Aquarismo amplia o mapa do setor
Peixes ornamentais criam demanda por aquários, filtragem, controle de temperatura, iluminação, alimentação, testes de água e manutenção. Também exigem conhecimento sobre compatibilidade, tamanho adulto, qualidade da água e ciclo biológico do sistema. Vender o animal sem essa estrutura transfere risco ao consumidor.
O comércio de organismos aquáticos vivos está sujeito a regras de origem, registro e licenciamento, conforme a atividade e a espécie. Estabelecimentos que cultivam ou mantêm animais aquáticos também têm exigências de responsabilidade técnica. Documentação e rastreabilidade integram o produto oferecido.
Para lojas, o diferencial pode estar em projetos dimensionados, manutenção programada, equipe treinada e fornecedores regulares. A relação continua depois da montagem, com reposição de insumos e acompanhamento. Essa recorrência nasce de suporte confiável, e não da venda impulsiva de espécies incompatíveis.
A presença de aves, peixes, répteis e pequenos mamíferos no universo de estimação também cobra atualização do varejo generalista. Estoques e mensagens pensados apenas para cães e gatos não atendem as particularidades desses animais, e improvisar recomendações pode gerar problemas sanitários e de bem-estar.

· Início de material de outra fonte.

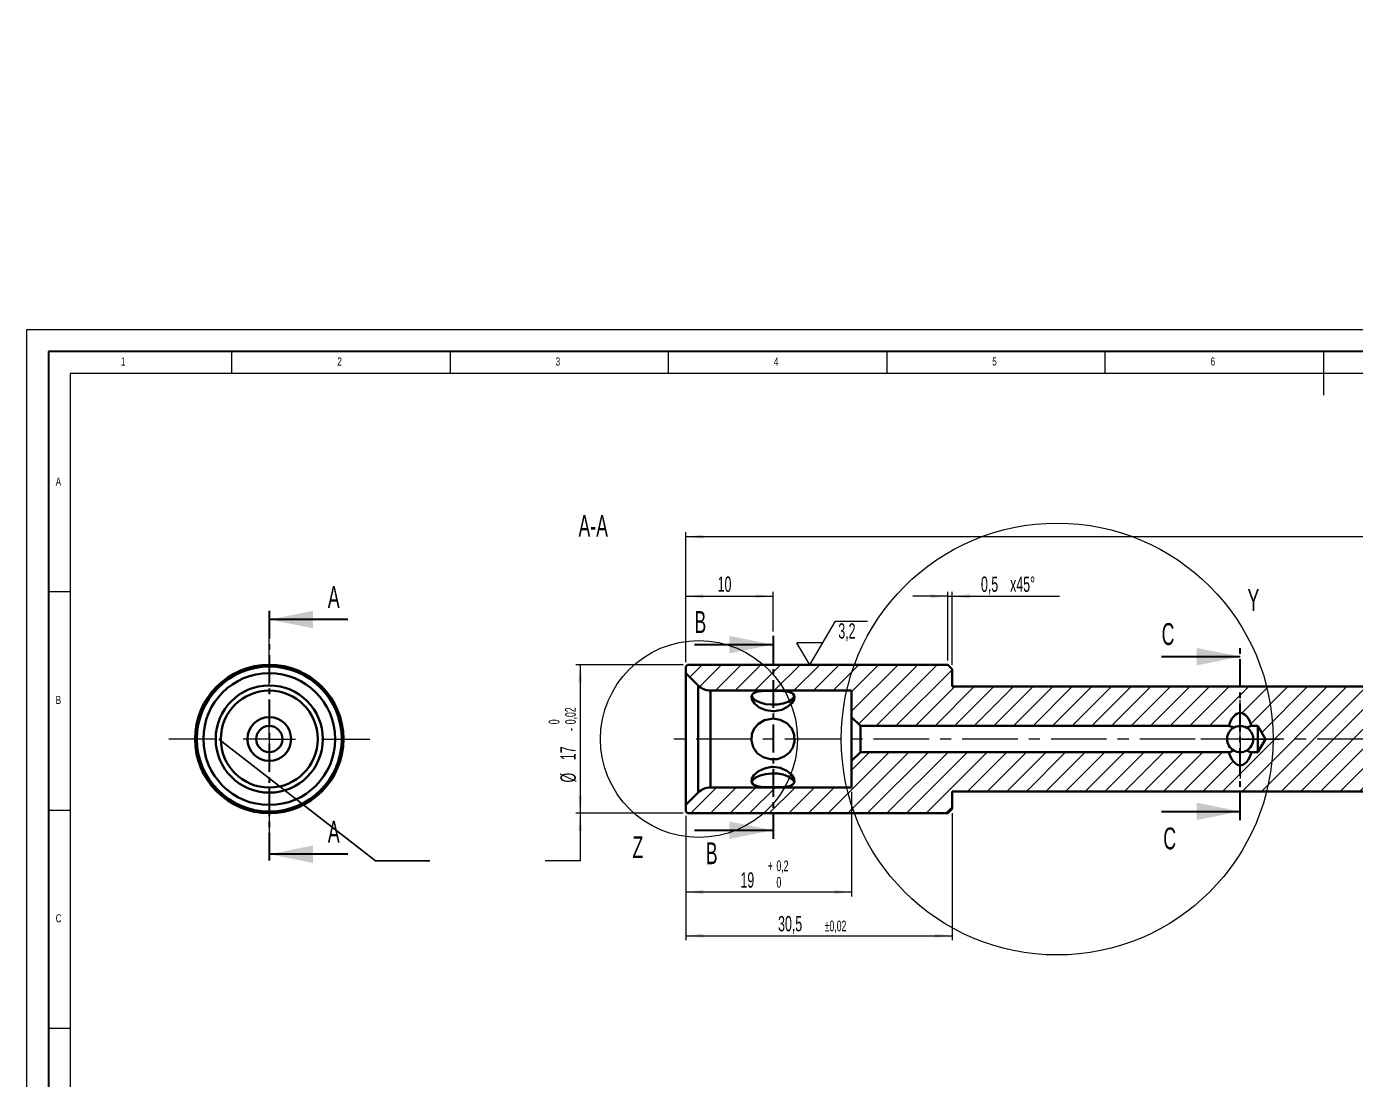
# Model space of a CAD drawing. Header units: millimetres. Extents: x 0 to 594, y 0 to 979.
# Drawn here: x 0 to 304.3, y 248.3 to 489.4 of the extents above; entities that cross this region are included whole.
import ezdxf

# ---------------------------------------------------------------- set-up
doc = ezdxf.new("R2010")
doc.units = ezdxf.units.MM
doc.linetypes.add('CENTER', pattern=[10.16, 6.35, -1.27, 1.27, -1.27])
doc.linetypes.add('CENTERX2', pattern=[20.32, 12.7, -2.54, 2.54, -2.54])
doc.styles.add('SLDTEXTSTYLE0', font='TXT', dxfattribs={"width": 0.605})
doc.styles.add('SLDTEXTSTYLE2', font='TXT', dxfattribs={"width": 0.75})
doc.dimstyles.new('SLDDIMSTYLE0', dxfattribs={"dimtxt": 3.5, "dimasz": 4, "dimexe": 0, "dimexo": 0.0625, "dimgap": 0.875, "dimtad": 1, "dimlfac": 0.5, "dimrnd": 1e-09, "dimzin": 12, "dimdsep": 46, "dimtxsty": 'SLDTEXTSTYLE0', "dimsah": 1, "dimcen": 0.09, "dimadec": 0, "dimazin": 0, "dimtfac": 1, "dimtofl": 0, "dimtmove": 0, "dimatfit": 3, "dimfxl": 1, "dimfrac": 2, "dimtolj": 1, "dimtzin": 12, "dimarcsym": 0})
doc.dimstyles.new('SLDDIMSTYLE1', dxfattribs={"dimtxt": 3.5, "dimasz": 4, "dimexe": 0, "dimexo": 0.0625, "dimgap": 0.875, "dimtad": 1, "dimlfac": 0.5, "dimrnd": 1e-09, "dimzin": 12, "dimdsep": 46, "dimtxsty": 'SLDTEXTSTYLE0', "dimsah": 1, "dimcen": 0.09, "dimadec": 0, "dimazin": 0, "dimtol": 1, "dimtp": 0.2, "dimtfac": 1, "dimtdec": 1, "dimtofl": 0, "dimtmove": 0, "dimatfit": 3, "dimfxl": 1, "dimfrac": 2, "dimtolj": 1, "dimarcsym": 0})
doc.dimstyles.new('SLDDIMSTYLE2', dxfattribs={"dimtxt": 3.5, "dimasz": 4, "dimexe": 0, "dimexo": 0.0625, "dimgap": 0.875, "dimtad": 1, "dimlfac": 0.5, "dimrnd": 1e-09, "dimzin": 12, "dimdsep": 46, "dimtxsty": 'SLDTEXTSTYLE0', "dimsah": 1, "dimcen": 0.09, "dimadec": 0, "dimazin": 0, "dimtol": 1, "dimtp": 0.02, "dimtm": 0.02, "dimtfac": 1, "dimtofl": 0, "dimtmove": 0, "dimatfit": 3, "dimfxl": 1, "dimfrac": 2, "dimtolj": 1, "dimarcsym": 0})
doc.dimstyles.new('SLDDIMSTYLE3', dxfattribs={"dimtxt": 3.5, "dimasz": 4, "dimexe": 0, "dimexo": 0.0625, "dimgap": 0.875, "dimtad": 1, "dimlfac": 0.5, "dimrnd": 1e-09, "dimzin": 12, "dimdsep": 46, "dimtxsty": 'SLDTEXTSTYLE0', "dimsah": 1, "dimcen": 0.09, "dimadec": 0, "dimazin": 0, "dimtfac": 1, "dimtofl": 0, "dimtmove": 0, "dimatfit": 3, "dimfxl": 1, "dimfrac": 2, "dimtolj": 1, "dimtzin": 12, "dimarcsym": 0})
doc.dimstyles.new('SLDDIMSTYLE4', dxfattribs={"dimtxt": 3.5, "dimasz": 4, "dimexe": 0, "dimexo": 0.0625, "dimgap": 0.875, "dimtad": 1, "dimlfac": 0.5, "dimrnd": 1e-09, "dimzin": 12, "dimdsep": 46, "dimtxsty": 'SLDTEXTSTYLE0', "dimsah": 1, "dimcen": 0.09, "dimadec": 0, "dimazin": 0, "dimtol": 1, "dimtm": 0.02, "dimtfac": 1, "dimtofl": 0, "dimtmove": 0, "dimatfit": 3, "dimfxl": 1, "dimfrac": 2, "dimtolj": 1, "dimarcsym": 0})
doc.dimstyles.new('SLDDIMSTYLE5', dxfattribs={"dimtxt": 3.5, "dimasz": 4, "dimexe": 0, "dimexo": 0.0625, "dimgap": 0.875, "dimtad": 1, "dimlfac": 0.5, "dimrnd": 1e-09, "dimzin": 12, "dimdsep": 46, "dimtxsty": 'SLDTEXTSTYLE0', "dimsah": 1, "dimcen": 0.09, "dimadec": 0, "dimazin": 0, "dimtol": 1, "dimtp": 0.05, "dimtm": 0.05, "dimtfac": 1, "dimtofl": 0, "dimtmove": 0, "dimatfit": 3, "dimfxl": 1, "dimfrac": 2, "dimtolj": 1, "dimarcsym": 0})
doc.dimstyles.new('SLDDIMSTYLE8', dxfattribs={"dimtxt": 0, "dimasz": 4, "dimexe": 0, "dimexo": 0.0625, "dimgap": 0, "dimtad": 0, "dimtih": 1, "dimtoh": 1, "dimdec": 0, "dimrnd": 1e-09, "dimzin": 0, "dimdsep": 46, "dimtxsty": 'Standard', "dimblk1": 'NONE', "dimblk2": 'NONE', "dimsah": 1, "dimcen": 0.09, "dimadec": 0, "dimazin": 0, "dimtfac": 4, "dimtdec": 0, "dimtofl": 0, "dimtmove": 0, "dimatfit": 3, "dimldrblk": 'NONE', "dimfxl": 1, "dimfrac": 2, "dimtolj": 1, "dimtzin": 0, "dimarcsym": 0})

# ---------------------------------------------------------------- blocks, each defined once
blk = doc.blocks.new('SW_CENTERMARKSYMBOL_0')
at = {"color": 0, "linetype": 'Continuous', "lineweight": 0}
for p, q in [((0, 12), (0, 23)), ((0, 0), (0, 6)), ((-12, 0), (-23, 0)), ((0, 0), (-6, 0)), ((0, 0), (0, -6)), ((0, 0), (6, 0)), ((12, 0), (23, 0)), ((0, -12), (0, -23))]:
    blk.add_line(p, q, dxfattribs=at)
blk = doc.blocks.new('*D15')
at = {"color": 7, "linetype": 'Continuous', "lineweight": 15}
for p, q in [((150.96, 343.89), (150.96, 359.99)), ((170.96, 350.91), (170.96, 359.99)), ((150.96, 358.99), (170.96, 358.99))]:
    blk.add_line(p, q, dxfattribs=at)
for points in [[(150.96, 358.99), (154.96, 358.54), (154.96, 359.44)], [(170.96, 358.99), (166.96, 359.44), (166.96, 358.54)]]:
    blk.add_solid(points, dxfattribs=at)
at = {"color": 7, "linetype": 'Continuous', "lineweight": 15, "insert": (158.28, 363.5), "char_height": 3.5, "attachment_point": 1, "style": 'SLDTEXTSTYLE0'}
blk.add_mtext('10', dxfattribs=at)
blk = doc.blocks.new('*D16')
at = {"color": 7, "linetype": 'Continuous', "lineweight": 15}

Capacitação define oportunidades sustentáveis
O Conselho Federal de Medicina Veterinária descreve mais de 80 áreas de atuação para a profissão, da clínica à saúde pública, pesquisa, alimentos e responsabilidade técnica. Isso ajuda a explicar por que a economia pet mobiliza carreiras que vão além do consultório e se conecta a cadeias produtivas e regulatórias.
Também há espaço para auxiliares, gestores, profissionais de atendimento, especialistas em equipamentos e equipes de logística. Cada função precisa de limite claro de atuação e treinamento. Atendimento cordial e agendamento fácil agregam valor, mas não substituem conhecimento técnico quando a decisão afeta saúde e bem-estar.
Para negócios, diversificar com consistência significa escolher poucos serviços compatíveis com sua estrutura, estabelecer parcerias, medir resultados e corrigir falhas. Investimentos devem considerar demanda, custo de qualificação, manutenção, licenças e tempo necessário para formar uma base recorrente de clientes.
A diversidade de espécies e serviços amplia as possibilidades de atuação, mas também as exigências de preparo. O mercado pet encontra oportunidades quando transforma essa variedade em atendimento competente, respeita a regulação e oferece soluções que fazem sentido para o animal e para quem assume sua guarda.